Implementation:Hpcaitech ColossalAI Trainer Callback Base
| Knowledge Sources | |
|---|---|
| Domains | Reinforcement Learning, Callbacks, Training |
| Last Updated | 2026-02-09 00:00 GMT |
Overview
Abstract base callback class for the ColossalChat trainer, defining lifecycle hook interfaces for the on-policy reinforcement learning training loop.
Description
Callback is an abstract base class that defines the interface for callbacks used by the OLTrainer (online learning trainer). It provides no-op default implementations for ten lifecycle hooks covering the fit lifecycle (start/end), episode lifecycle (start/end), experience making (start/end), and learning epoch and batch boundaries (start/end). Each hook method takes minimal parameters appropriate to its phase.
Unlike the Ray callback base classes, this Callback is designed for the non-distributed (single-process) trainer and includes hooks for on_make_experience_start/end and on_learn_epoch_start/end instead of the update-oriented hooks in the Ray version.
Usage
Subclass Callback to implement custom logging, checkpointing, or performance monitoring during on-policy RLHF training. Override only the hooks relevant to your use case.
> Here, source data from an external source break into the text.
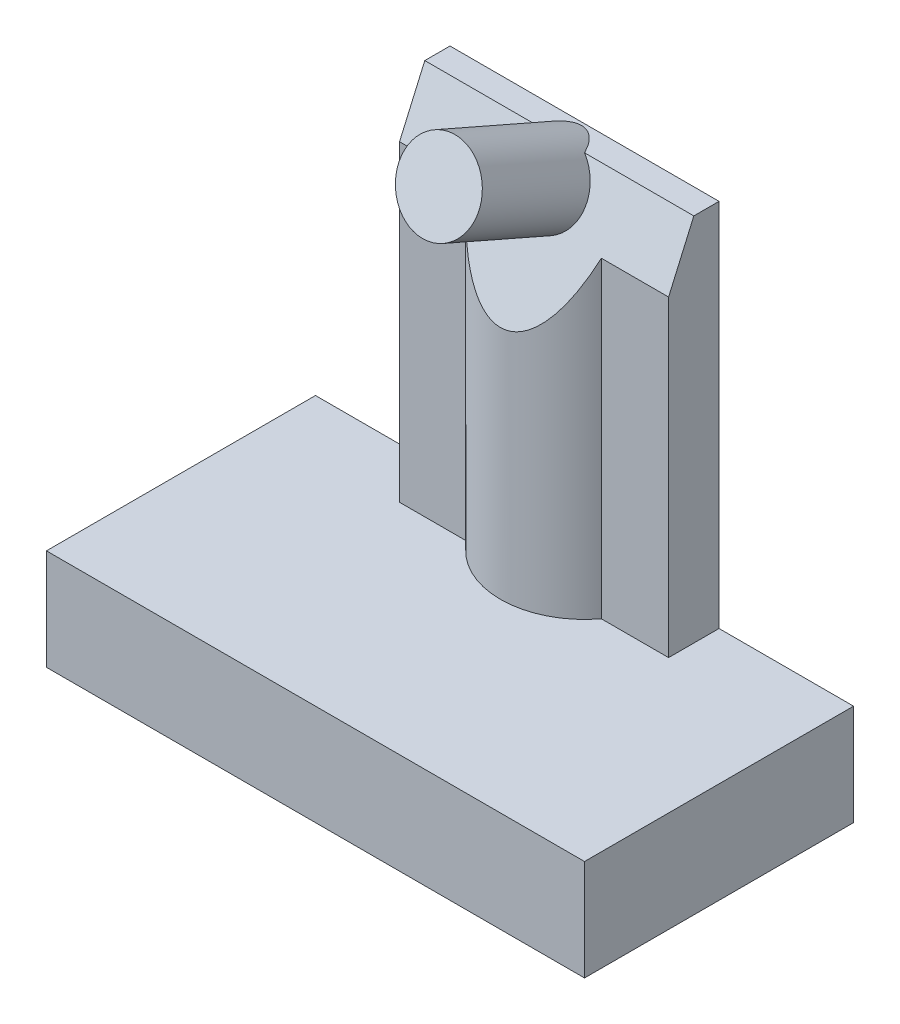
ISO-10303-21;
HEADER;
FILE_DESCRIPTION(('STEP AP214'),'2;1');
FILE_NAME('part.step','',(''),(''),'','','');
FILE_SCHEMA(('AUTOMOTIVE_DESIGN { 1 0 10303 214 1 1 1 1 }'));
ENDSEC;
DATA;
#1=APPLICATION_CONTEXT('core data for automotive mechanical design processes');
#2=APPLICATION_PROTOCOL_DEFINITION('international standard','automotive_design',2000,#1);
#3=PRODUCT_CONTEXT('',#1,'mechanical');
#4=PRODUCT('Part','Part','',(#3));
#5=PRODUCT_RELATED_PRODUCT_CATEGORY('part','',(#4));
#6=PRODUCT_DEFINITION_FORMATION('','',#4);
#7=PRODUCT_DEFINITION_CONTEXT('part definition',#1,'design');
#8=PRODUCT_DEFINITION('design','',#6,#7);
#9=PRODUCT_DEFINITION_SHAPE('','',#8);
#10=(LENGTH_UNIT() NAMED_UNIT(*) SI_UNIT(.MILLI.,.METRE.));
#11=(NAMED_UNIT(*) PLANE_ANGLE_UNIT() SI_UNIT($,.RADIAN.));
#12=(NAMED_UNIT(*) SI_UNIT($,.STERADIAN.) SOLID_ANGLE_UNIT());
#13=UNCERTAINTY_MEASURE_WITH_UNIT(LENGTH_MEASURE(1.E-05),#10,'distance_accuracy_value','');
#14=(GEOMETRIC_REPRESENTATION_CONTEXT(3) GLOBAL_UNCERTAINTY_ASSIGNED_CONTEXT((#13)) GLOBAL_UNIT_ASSIGNED_CONTEXT((#10,
#11,#12)) REPRESENTATION_CONTEXT('',''));
#15=CARTESIAN_POINT('',(0.,0.,0.));
#16=DIRECTION('',(0.,0.,1.));
#17=DIRECTION('',(1.,0.,0.));
#18=AXIS2_PLACEMENT_3D('',#15,#16,#17);
#19=CARTESIAN_POINT('',(-8.,10.,-1.5));
#20=DIRECTION('',(0.,-0.400818834019708,-0.916157334902189));
#21=DIRECTION('',(0.,0.916157334902189,-0.400818834019708));
#22=AXIS2_PLACEMENT_3D('',#19,#20,#21);
#23=PLANE('',#22);
#24=CARTESIAN_POINT('',(0.,13.1428571428571,-2.875));
#25=DIRECTION('',(0.,0.400818834019708,0.916157334902189));
#26=DIRECTION('',(0.,-0.916157334902189,0.400818834019708));
#27=AXIS2_PLACEMENT_3D('',#24,#25,#26);
#28=CIRCLE('',#27,1.2);
#29=CARTESIAN_POINT('',(-0.751452674789956,14.,-3.25));
#30=VERTEX_POINT('',#29);
#31=CARTESIAN_POINT('',(0.751452674789951,14.,-3.25000000000001));
#32=VERTEX_POINT('',#31);
#33=EDGE_CURVE('E51',#30,#32,#28,.T.);
#34=ORIENTED_EDGE('',*,*,#33,.F.);
#35=DIRECTION('',(-1.,0.,0.));
#36=VECTOR('',#35,1.);
#37=CARTESIAN_POINT('',(0.,14.,-3.25));
#38=LINE('',#37,#36);
#39=CARTESIAN_POINT('',(-4.00000000000001,14.,-3.25));
#40=VERTEX_POINT('',#39);
#41=EDGE_CURVE('E45',#30,#40,#38,.T.);
#42=ORIENTED_EDGE('',*,*,#41,.T.);
#43=DIRECTION('',(0.,0.916157334902189,-0.400818834019708));
#44=VECTOR('',#43,1.);
#45=CARTESIAN_POINT('',(-4.,12.8065573770492,-2.72786885245902));
#46=LINE('',#45,#44);
#47=CARTESIAN_POINT('',(-4.,12.2857142857143,-2.5));
#48=VERTEX_POINT('',#47);
#49=EDGE_CURVE('E169',#48,#40,#46,.T.);
#50=ORIENTED_EDGE('',*,*,#49,.F.);
#51=DIRECTION('',(-1.,0.,0.));
#52=VECTOR('',#51,1.);
#53=CARTESIAN_POINT('',(0.,12.2857142857143,-2.5));
#54=LINE('',#53,#52);
#55=CARTESIAN_POINT('',(-2.,12.2857142857143,-2.5));
#56=VERTEX_POINT('',#55);
#57=EDGE_CURVE('E166',#56,#48,#54,.T.);
#58=ORIENTED_EDGE('',*,*,#57,.F.);
#59=CARTESIAN_POINT('',(0.,15.7142857142857,-4.));
#60=DIRECTION('',(0.,-0.400818834019708,-0.916157334902189));
#61=DIRECTION('',(0.,-0.916157334902189,0.400818834019708));
#62=AXIS2_PLACEMENT_3D('',#59,#60,#61);
#63=ELLIPSE('',#62,6.23723185591892,2.5);
#64=CARTESIAN_POINT('',(2.,12.2857142857143,-2.5));
#65=VERTEX_POINT('',#64);
#66=EDGE_CURVE('E164',#65,#56,#63,.T.);
#67=ORIENTED_EDGE('',*,*,#66,.F.);
#68=DIRECTION('',(1.,0.,0.));
#69=VECTOR('',#68,1.);
#70=CARTESIAN_POINT('',(0.,12.2857142857143,-2.5));
#71=LINE('',#70,#69);
#72=CARTESIAN_POINT('',(4.,12.2857142857143,-2.5));
#73=VERTEX_POINT('',#72);
#74=EDGE_CURVE('E162',#65,#73,#71,.T.);
#75=ORIENTED_EDGE('',*,*,#74,.T.);
#76=DIRECTION('',(0.,0.916157334902189,-0.400818834019708));
#77=VECTOR('',#76,1.);
#78=CARTESIAN_POINT('',(4.,10.,-1.5));
#79=LINE('',#78,#77);
#80=CARTESIAN_POINT('',(4.,14.,-3.25));
#81=VERTEX_POINT('',#80);
#82=EDGE_CURVE('E57',#73,#81,#79,.T.);
#83=ORIENTED_EDGE('',*,*,#82,.T.);
#84=EDGE_CURVE('E11',#81,#32,#38,.T.);
#85=ORIENTED_EDGE('',*,*,#84,.T.);
#86=EDGE_LOOP('',(#34,#42,#50,#58,#67,#75,#83,#85));
#87=FACE_BOUND('',#86,.T.);
#88=ADVANCED_FACE('F37',(#87),#23,.F.);
#89=CARTESIAN_POINT('',(0.,3.,0.));
#90=DIRECTION('',(0.,1.,0.));
#91=DIRECTION('',(0.,0.,1.));
#92=AXIS2_PLACEMENT_3D('',#89,#90,#91);
#93=PLANE('',#92);
#94=DIRECTION('',(-1.,0.,0.));
#95=VECTOR('',#94,1.);
#96=CARTESIAN_POINT('',(-8.,3.,-4.));
#97=LINE('',#96,#95);
#98=CARTESIAN_POINT('',(8.,3.,-4.));
#99=VERTEX_POINT('',#98);
#100=CARTESIAN_POINT('',(4.,3.,-4.));
#101=VERTEX_POINT('',#100);
#102=EDGE_CURVE('E254',#99,#101,#97,.T.);
#103=ORIENTED_EDGE('',*,*,#102,.T.);
#104=DIRECTION('',(0.,0.,1.));
#105=VECTOR('',#104,1.);
#106=CARTESIAN_POINT('',(4.,3.,0.));
#107=LINE('',#106,#105);
#108=CARTESIAN_POINT('',(4.,3.,-2.5));
#109=VERTEX_POINT('',#108);
#110=EDGE_CURVE('E177',#101,#109,#107,.T.);
#111=ORIENTED_EDGE('',*,*,#110,.T.);
#112=DIRECTION('',(-1.,0.,0.));
#113=VECTOR('',#112,1.);
#114=CARTESIAN_POINT('',(0.,3.,-2.5));
#115=LINE('',#114,#113);
#116=CARTESIAN_POINT('',(2.,3.,-2.5));
#117=VERTEX_POINT('',#116);
#118=EDGE_CURVE('E190',#109,#117,#115,.T.);
#119=ORIENTED_EDGE('',*,*,#118,.T.);
#120=CARTESIAN_POINT('',(0.,3.,-4.));
#121=DIRECTION('',(0.,1.,0.));
#122=DIRECTION('',(0.,0.,1.));
#123=AXIS2_PLACEMENT_3D('',#120,#121,#122);
#124=CIRCLE('',#123,2.5);
#125=CARTESIAN_POINT('',(-2.,3.,-2.5));
#126=VERTEX_POINT('',#125);
#127=EDGE_CURVE('E187',#126,#117,#124,.T.);
#128=ORIENTED_EDGE('',*,*,#127,.F.);
#129=DIRECTION('',(1.,0.,0.));
#130=VECTOR('',#129,1.);
#131=CARTESIAN_POINT('',(0.,3.,-2.5));
#132=LINE('',#131,#130);
#133=CARTESIAN_POINT('',(-4.,3.,-2.5));
#134=VERTEX_POINT('',#133);
#135=EDGE_CURVE('E184',#134,#126,#132,.T.);
#136=ORIENTED_EDGE('',*,*,#135,.F.);
#137=DIRECTION('',(0.,0.,1.));
#138=VECTOR('',#137,1.);
#139=CARTESIAN_POINT('',(-4.,3.,0.));
#140=LINE('',#139,#138);
#141=CARTESIAN_POINT('',(-4.00000000000001,3.,-4.));
#142=VERTEX_POINT('',#141);
#143=EDGE_CURVE('E172',#142,#134,#140,.T.);
#144=ORIENTED_EDGE('',*,*,#143,.F.);
#145=CARTESIAN_POINT('',(-8.,3.,-4.));
#146=VERTEX_POINT('',#145);
#147=EDGE_CURVE('E252',#142,#146,#97,.T.);
#148=ORIENTED_EDGE('',*,*,#147,.T.);
#149=DIRECTION('',(0.,0.,1.));
#150=VECTOR('',#149,1.);
#151=CARTESIAN_POINT('',(-8.,3.,-4.));
#152=LINE('',#151,#150);
#153=CARTESIAN_POINT('',(-8.,3.,4.));
#154=VERTEX_POINT('',#153);
#155=EDGE_CURVE('E256',#146,#154,#152,.T.);
#156=ORIENTED_EDGE('',*,*,#155,.T.);
#157=DIRECTION('',(1.,0.,0.));
#158=VECTOR('',#157,1.);
#159=CARTESIAN_POINT('',(-8.,3.,4.));
#160=LINE('',#159,#158);
#161=CARTESIAN_POINT('',(7.99999999999999,3.,4.));
#162=VERTEX_POINT('',#161);
#163=EDGE_CURVE('E258',#154,#162,#160,.T.);
#164=ORIENTED_EDGE('',*,*,#163,.T.);
#165=DIRECTION('',(0.,0.,-1.));
#166=VECTOR('',#165,1.);
#167=CARTESIAN_POINT('',(8.,3.,-4.));
#168=LINE('',#167,#166);
#169=EDGE_CURVE('E249',#162,#99,#168,.T.);
#170=ORIENTED_EDGE('',*,*,#169,.T.);
#171=EDGE_LOOP('',(#103,#111,#119,#128,#136,#144,#148,#156,#164,#170));
#172=FACE_BOUND('',#171,.T.);
#173=ADVANCED_FACE('F294',(#172),#93,.T.);
#174=CARTESIAN_POINT('',(8.,3.,-4.));
#175=DIRECTION('',(-1.,0.,0.));
#176=DIRECTION('',(0.,0.,1.));
#177=AXIS2_PLACEMENT_3D('',#174,#175,#176);
#178=PLANE('',#177);
#179=DIRECTION('',(0.,0.,-1.));
#180=VECTOR('',#179,1.);
#181=CARTESIAN_POINT('',(8.,0.,-4.));
#182=LINE('',#181,#180);
#183=CARTESIAN_POINT('',(7.99999999999999,0.,4.));
#184=VERTEX_POINT('',#183);
#185=CARTESIAN_POINT('',(8.,0.,-4.));
#186=VERTEX_POINT('',#185);
#187=EDGE_CURVE('E221',#184,#186,#182,.T.);
#188=ORIENTED_EDGE('',*,*,#187,.T.);
#189=DIRECTION('',(0.,-1.,0.));
#190=VECTOR('',#189,1.);
#191=CARTESIAN_POINT('',(8.,3.,-4.));
#192=LINE('',#191,#190);
#193=EDGE_CURVE('E276',#99,#186,#192,.T.);
#194=ORIENTED_EDGE('',*,*,#193,.F.);
#195=ORIENTED_EDGE('',*,*,#169,.F.);
#196=DIRECTION('',(0.,-1.,0.));
#197=VECTOR('',#196,1.);
#198=CARTESIAN_POINT('',(7.99999999999999,3.,4.));
#199=LINE('',#198,#197);
#200=EDGE_CURVE('E260',#162,#184,#199,.T.);
#201=ORIENTED_EDGE('',*,*,#200,.T.);
#202=EDGE_LOOP('',(#188,#194,#195,#201));
#203=FACE_BOUND('',#202,.T.);
#204=ADVANCED_FACE('F39',(#203),#178,.F.);
#205=CARTESIAN_POINT('',(-8.,3.,-4.));
#206=DIRECTION('',(0.,0.,1.));
#207=DIRECTION('',(1.,0.,0.));
#208=AXIS2_PLACEMENT_3D('',#205,#206,#207);
#209=PLANE('',#208);
#210=DIRECTION('',(-1.,0.,0.));
#211=VECTOR('',#210,1.);
#212=CARTESIAN_POINT('',(-8.,0.,-4.));
#213=LINE('',#212,#211);
#214=CARTESIAN_POINT('',(-8.,0.,-4.));
#215=VERTEX_POINT('',#214);
#216=EDGE_CURVE('E263',#186,#215,#213,.T.);
#217=ORIENTED_EDGE('',*,*,#216,.T.);
#218=DIRECTION('',(0.,-1.,0.));
#219=VECTOR('',#218,1.);
#220=CARTESIAN_POINT('',(-8.,3.,-4.));
#221=LINE('',#220,#219);
#222=EDGE_CURVE('E273',#146,#215,#221,.T.);
#223=ORIENTED_EDGE('',*,*,#222,.F.);
#224=ORIENTED_EDGE('',*,*,#147,.F.);
#225=DIRECTION('',(0.,-1.,0.));
#226=VECTOR('',#225,1.);
#227=CARTESIAN_POINT('',(-4.00000000000001,14.,-4.));
#228=LINE('',#227,#226);
#229=CARTESIAN_POINT('',(-4.00000000000001,14.,-4.));
#230=VERTEX_POINT('',#229);
#231=EDGE_CURVE('E205',#230,#142,#228,.T.);
#232=ORIENTED_EDGE('',*,*,#231,.F.);
#233=DIRECTION('',(-1.,0.,0.));
#234=VECTOR('',#233,1.);
#235=CARTESIAN_POINT('',(0.,14.,-4.));
#236=LINE('',#235,#234);
#237=CARTESIAN_POINT('',(4.,14.,-4.));
#238=VERTEX_POINT('',#237);
#239=EDGE_CURVE('E173',#238,#230,#236,.T.);
#240=ORIENTED_EDGE('',*,*,#239,.F.);
#241=DIRECTION('',(0.,-1.,0.));
#242=VECTOR('',#241,1.);
#243=CARTESIAN_POINT('',(4.,14.,-4.));
#244=LINE('',#243,#242);
#245=EDGE_CURVE('E181',#238,#101,#244,.T.);
#246=ORIENTED_EDGE('',*,*,#245,.T.);
#247=ORIENTED_EDGE('',*,*,#102,.F.);
#248=ORIENTED_EDGE('',*,*,#193,.T.);
#249=EDGE_LOOP('',(#217,#223,#224,#232,#240,#246,#247,#248));
#250=FACE_BOUND('',#249,.T.);
#251=ADVANCED_FACE('F290',(#250),#209,.F.);
#252=CARTESIAN_POINT('',(-8.,3.,-4.));
#253=DIRECTION('',(1.,0.,0.));
#254=DIRECTION('',(0.,0.,-1.));
#255=AXIS2_PLACEMENT_3D('',#252,#253,#254);
#256=PLANE('',#255);
#257=DIRECTION('',(0.,0.,1.));
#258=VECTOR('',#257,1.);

Pass instances to the OLTrainer constructor via the callbacks parameter.
Code Reference
Source Location
- Repository: Hpcaitech_ColossalAI
- File: applications/ColossalChat/coati/trainer/callbacks/base.py
- Lines: 1-39
Signature
class Callback(ABC):
def on_fit_start(self) -> None: ...
def on_fit_end(self) -> None: ...
def on_episode_start(self, episode: int) -> None: ...
def on_episode_end(self, episode: int) -> None: ...
def on_make_experience_start(self) -> None: ...
def on_make_experience_end(self, experience: Experience) -> None: ...
def on_learn_epoch_start(self, epoch: int) -> None: ...
def on_learn_epoch_end(self, epoch: int) -> None: ...
def on_learn_batch_start(self) -> None: ...
def on_learn_batch_end(self, experience: Experience) -> None: ...
Import
from coati.trainer.callbacks.base import Callback
I/O Contract
Inputs
| Name | Type | Required | Description |
|---|---|---|---|
| episode | int | No | Episode index passed to on_episode_start/end |
| experience | Experience | No | Experience object passed to on_make_experience_end and on_learn_batch_end |
| epoch | int | No | Learning epoch index passed to on_learn_epoch_start/end |
Outputs
| Name | Type | Description |
|---|---|---|
| return | None | All callback methods return None |
Usage Examples
from coati.trainer.callbacks.base import Callback
from coati.experience_maker import Experience
class WandbCallback(Callback):
def on_episode_start(self, episode: int) -> None:
print(f"Starting episode {episode}")
def on_make_experience_end(self, experience: Experience) -> None:
batch_size = experience.sequences.shape[0]
print(f"Generated {batch_size} experience samples")
def on_fit_end(self) -> None:
print("Training complete")